**What you have to do**. Every line from the one with "#44=DIRECTION('',(0.,1.,0.));" to the one with "#53=ORIENTED_EDGE('',*,*,#52,.F.);", including those two, is to be copied exactly; all other lines of the entries below are left out.

===== Data

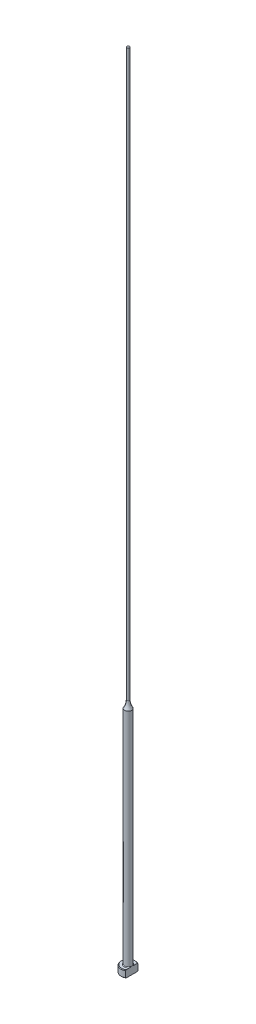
ISO-10303-21;
HEADER;
FILE_DESCRIPTION(('STEP AP214'),'2;1');
FILE_NAME('part.step','',(''),(''),'','','');
FILE_SCHEMA(('AUTOMOTIVE_DESIGN { 1 0 10303 214 1 1 1 1 }'));
ENDSEC;
DATA;
#1=APPLICATION_CONTEXT('core data for automotive mechanical design processes');
#2=APPLICATION_PROTOCOL_DEFINITION('international standard','automotive_design',2000,#1);
#3=PRODUCT_CONTEXT('',#1,'mechanical');
#4=PRODUCT('Part','Part','',(#3));
#5=PRODUCT_RELATED_PRODUCT_CATEGORY('part','',(#4));
#6=PRODUCT_DEFINITION_FORMATION('','',#4);
#7=PRODUCT_DEFINITION_CONTEXT('part definition',#1,'design');
#8=PRODUCT_DEFINITION('design','',#6,#7);
#9=PRODUCT_DEFINITION_SHAPE('','',#8);
#10=(LENGTH_UNIT() NAMED_UNIT(*) SI_UNIT(.MILLI.,.METRE.));
#11=(NAMED_UNIT(*) PLANE_ANGLE_UNIT() SI_UNIT($,.RADIAN.));
#12=(NAMED_UNIT(*) SI_UNIT($,.STERADIAN.) SOLID_ANGLE_UNIT());
#13=UNCERTAINTY_MEASURE_WITH_UNIT(LENGTH_MEASURE(1.E-05),#10,'distance_accuracy_value','');
#14=(GEOMETRIC_REPRESENTATION_CONTEXT(3) GLOBAL_UNCERTAINTY_ASSIGNED_CONTEXT((#13)) GLOBAL_UNIT_ASSIGNED_CONTEXT((#10,
#11,#12)) REPRESENTATION_CONTEXT('',''));
#15=CARTESIAN_POINT('',(0.,0.,0.));
#16=DIRECTION('',(0.,0.,1.));
#17=DIRECTION('',(1.,0.,0.));
#18=AXIS2_PLACEMENT_3D('',#15,#16,#17);
#19=CARTESIAN_POINT('',(-3.17499999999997,3.175,0.));
#20=DIRECTION('',(0.,1.,0.));
#21=DIRECTION('',(0.,0.,1.));
#22=AXIS2_PLACEMENT_3D('',#19,#20,#21);
#23=PLANE('',#22);
#24=CARTESIAN_POINT('',(0.,3.175,0.));
#25=DIRECTION('',(0.,1.,0.));
#26=DIRECTION('',(0.,0.,1.));
#27=AXIS2_PLACEMENT_3D('',#24,#25,#26);
#28=CIRCLE('',#27,2.92099999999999);
#29=CARTESIAN_POINT('',(1.58749999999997,3.175,-2.4519552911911));
#30=VERTEX_POINT('',#29);
#31=CARTESIAN_POINT('',(1.58749999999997,3.175,2.4519552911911));
#32=VERTEX_POINT('',#31);
#33=EDGE_CURVE('E105',#30,#32,#28,.T.);
#34=ORIENTED_EDGE('',*,*,#33,.T.);
#35=DIRECTION('',(0.,0.,1.));
#36=VECTOR('',#35,1.);
#37=CARTESIAN_POINT('',(1.58749999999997,3.17499999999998,2.74963065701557));
#38=LINE('',#37,#36);
#39=CARTESIAN_POINT('',(1.58749999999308,3.175,0.933255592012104));
#40=VERTEX_POINT('',#39);
#41=EDGE_CURVE('E126',#40,#32,#38,.T.);
#42=ORIENTED_EDGE('',*,*,#41,.F.);
#43=CARTESIAN_POINT('',(0.,3.175,0.));
#44=DIRECTION('',(0.,1.,0.));
#45=DIRECTION('',(0.,0.,1.));
#46=AXIS2_PLACEMENT_3D('',#43,#44,#45);
#47=CIRCLE('',#46,1.84149999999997);
#48=CARTESIAN_POINT('',(1.58749999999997,3.17500000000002,-0.933255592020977));
#49=VERTEX_POINT('',#48);
#50=EDGE_CURVE('E11',#40,#49,#47,.F.);
#51=ORIENTED_EDGE('',*,*,#50,.T.);
#52=EDGE_CURVE('E52',#30,#49,#38,.T.);
#53=ORIENTED_EDGE('',*,*,#52,.F.);
#54=EDGE_LOOP('',(#34,#42,#51,#53));
#55=FACE_BOUND('',#54,.T.);
#56=ADVANCED_FACE('F32',(#55),#23,.T.);
#57=CARTESIAN_POINT('',(0.,259.958771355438,0.));
#58=DIRECTION('',(0.,1.,0.));
#59=DIRECTION('',(0.,0.,1.));
#60=AXIS2_PLACEMENT_3D('',#57,#58,#59);
#61=CYLINDRICAL_SURFACE('',#60,3.17499999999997);
#62=CARTESIAN_POINT('',(0.,2.92100000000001,0.));
#63=DIRECTION('',(0.,1.,0.));
#64=DIRECTION('',(0.,0.,1.));
#65=AXIS2_PLACEMENT_3D('',#62,#63,#64);
#66=CIRCLE('',#65,3.17499999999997);
#67=CARTESIAN_POINT('',(1.58749999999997,2.92100000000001,2.74963065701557));
#68=VERTEX_POINT('',#67);
#69=CARTESIAN_POINT('',(1.58749999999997,2.92100000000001,-2.74963065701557));
#70=VERTEX_POINT('',#69);
#71=EDGE_CURVE('E98',#68,#70,#66,.F.);
#72=ORIENTED_EDGE('',*,*,#71,.T.);
#73=DIRECTION('',(0.,-1.,0.));
#74=VECTOR('',#73,1.);
#75=CARTESIAN_POINT('',(1.58749999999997,355.601,-2.74963065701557));
#76=LINE('',#75,#74);
#77=CARTESIAN_POINT('',(1.58749999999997,0.253999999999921,-2.74963065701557));
#78=VERTEX_POINT('',#77);
#79=EDGE_CURVE('E141',#70,#78,#76,.T.);
#80=ORIENTED_EDGE('',*,*,#79,.T.);
#81=CARTESIAN_POINT('',(0.,0.253999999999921,0.));
#82=DIRECTION('',(0.,-1.,0.));
#83=DIRECTION('',(0.,0.,-1.));
#84=AXIS2_PLACEMENT_3D('',#81,#82,#83);
#85=CIRCLE('',#84,3.17499999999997);
#86=CARTESIAN_POINT('',(1.58749999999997,0.253999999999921,2.74963065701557));
#87=VERTEX_POINT('',#86);
#88=EDGE_CURVE('E95',#78,#87,#85,.F.);
#89=ORIENTED_EDGE('',*,*,#88,.T.);
#90=DIRECTION('',(0.,-1.,0.));
#91=VECTOR('',#90,1.);
#92=CARTESIAN_POINT('',(1.58749999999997,355.601,2.74963065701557));
#93=LINE('',#92,#91);
#94=EDGE_CURVE('E88',#68,#87,#93,.T.);
#95=ORIENTED_EDGE('',*,*,#94,.F.);
#96=EDGE_LOOP('',(#72,#80,#89,#95));
#97=FACE_BOUND('',#96,.T.);
#98=ADVANCED_FACE('F191',(#97),#61,.T.);
#99=CARTESIAN_POINT('',(0.,0.,0.));
#100=DIRECTION('',(0.,-1.,0.));
#101=DIRECTION('',(0.,0.,-1.));
#102=AXIS2_PLACEMENT_3D('',#99,#100,#101);
#103=PLANE('',#102);
#104=CARTESIAN_POINT('',(0.,0.,0.));
#105=DIRECTION('',(0.,-1.,0.));
#106=DIRECTION('',(0.,0.,-1.));
#107=AXIS2_PLACEMENT_3D('',#104,#105,#106);
#108=CIRCLE('',#107,2.92100000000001);
#109=CARTESIAN_POINT('',(1.58749999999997,0.,2.45195529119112));
#110=VERTEX_POINT('',#109);
#111=CARTESIAN_POINT('',(1.58749999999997,0.,-2.45195529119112));
#112=VERTEX_POINT('',#111);
#113=EDGE_CURVE('E93',#110,#112,#108,.T.);
#114=ORIENTED_EDGE('',*,*,#113,.T.);
#115=DIRECTION('',(0.,0.,1.));
#116=VECTOR('',#115,1.);
#117=CARTESIAN_POINT('',(1.58749999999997,0.,2.74963065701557));
#118=LINE('',#117,#116);
#119=EDGE_CURVE('E78',#112,#110,#118,.T.);
#120=ORIENTED_EDGE('',*,*,#119,.T.);
#121=EDGE_LOOP('',(#114,#120));
#122=FACE_BOUND('',#121,.T.);
#123=ADVANCED_FACE('F97',(#122),#103,.T.);
#124=CARTESIAN_POINT('',(0.,3.17499999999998,0.));
#125=DIRECTION('',(0.,-1.,0.));
#126=DIRECTION('',(0.,0.,-1.));
#127=AXIS2_PLACEMENT_3D('',#124,#125,#126);
#128=CONICAL_SURFACE('',#127,2.92100000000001,0.785398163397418);
#129=ORIENTED_EDGE('',*,*,#71,.F.);
#130=CARTESIAN_POINT('',(1.58749999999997,-0.161620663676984,-6.0529050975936));
#131=CARTESIAN_POINT('',(1.58749999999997,-0.0288893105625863,-5.91567682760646));
#132=CARTESIAN_POINT('',(1.58749999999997,0.103699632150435,-5.77831035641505));
#133=CARTESIAN_POINT('',(1.58749999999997,0.368508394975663,-5.50321874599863));
#134=CARTESIAN_POINT('',(1.58749999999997,0.5007282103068,-5.3654936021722));
#135=CARTESIAN_POINT('',(1.58749999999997,0.764778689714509,-5.08953516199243));
#136=CARTESIAN_POINT('',(1.58749999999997,0.896609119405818,-4.95130164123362));
#137=CARTESIAN_POINT('',(1.58749999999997,1.15968706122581,-4.67428233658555));
#138=CARTESIAN_POINT('',(1.58749999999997,1.29093457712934,-4.5354965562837));
#139=CARTESIAN_POINT('',(1.58749999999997,1.55007705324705,-4.25997724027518));
#140=CARTESIAN_POINT('',(1.58749999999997,1.67798684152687,-4.12325766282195));
#141=CARTESIAN_POINT('',(1.58749999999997,1.9328486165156,-3.84892898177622));
#142=CARTESIAN_POINT('',(1.58749999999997,2.05980060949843,-3.71131988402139));
#143=CARTESIAN_POINT('',(1.58749999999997,2.31237508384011,-3.43493978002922));
#144=CARTESIAN_POINT('',(1.58749999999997,2.43799784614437,-3.29616903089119));
#145=CARTESIAN_POINT('',(1.58749999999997,2.68741369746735,-3.01699558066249));
#146=CARTESIAN_POINT('',(1.58749999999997,2.81120686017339,-2.8765929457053));
#147=CARTESIAN_POINT('',(1.58749999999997,3.00875865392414,-2.64816703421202));
#148=CARTESIAN_POINT('',(1.58749999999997,3.08336151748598,-2.56087478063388));
#149=CARTESIAN_POINT('',(1.58749999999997,3.23123871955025,-2.385154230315));
#150=CARTESIAN_POINT('',(1.58749999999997,3.30451292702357,-2.29672582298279));
#151=CARTESIAN_POINT('',(1.58749999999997,3.45004422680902,-2.11747400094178));
#152=CARTESIAN_POINT('',(1.58749999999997,3.52228237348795,-2.02663514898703));
#153=CARTESIAN_POINT('',(1.58749999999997,3.66423097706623,-1.84302524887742));
#154=CARTESIAN_POINT('',(1.58749999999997,3.73394203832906,-1.75025467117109));
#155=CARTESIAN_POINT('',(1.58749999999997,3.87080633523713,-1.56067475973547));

==========

**Reply**.
#44=DIRECTION('',(0.,1.,0.));
#45=DIRECTION('',(0.,0.,1.));
#46=AXIS2_PLACEMENT_3D('',#43,#44,#45);
#47=CIRCLE('',#46,1.84149999999997);
#48=CARTESIAN_POINT('',(1.58749999999997,3.17500000000002,-0.933255592020977));
#49=VERTEX_POINT('',#48);
#50=EDGE_CURVE('E11',#40,#49,#47,.F.);
#51=ORIENTED_EDGE('',*,*,#50,.T.);
#52=EDGE_CURVE('E52',#30,#49,#38,.T.);
#53=ORIENTED_EDGE('',*,*,#52,.F.);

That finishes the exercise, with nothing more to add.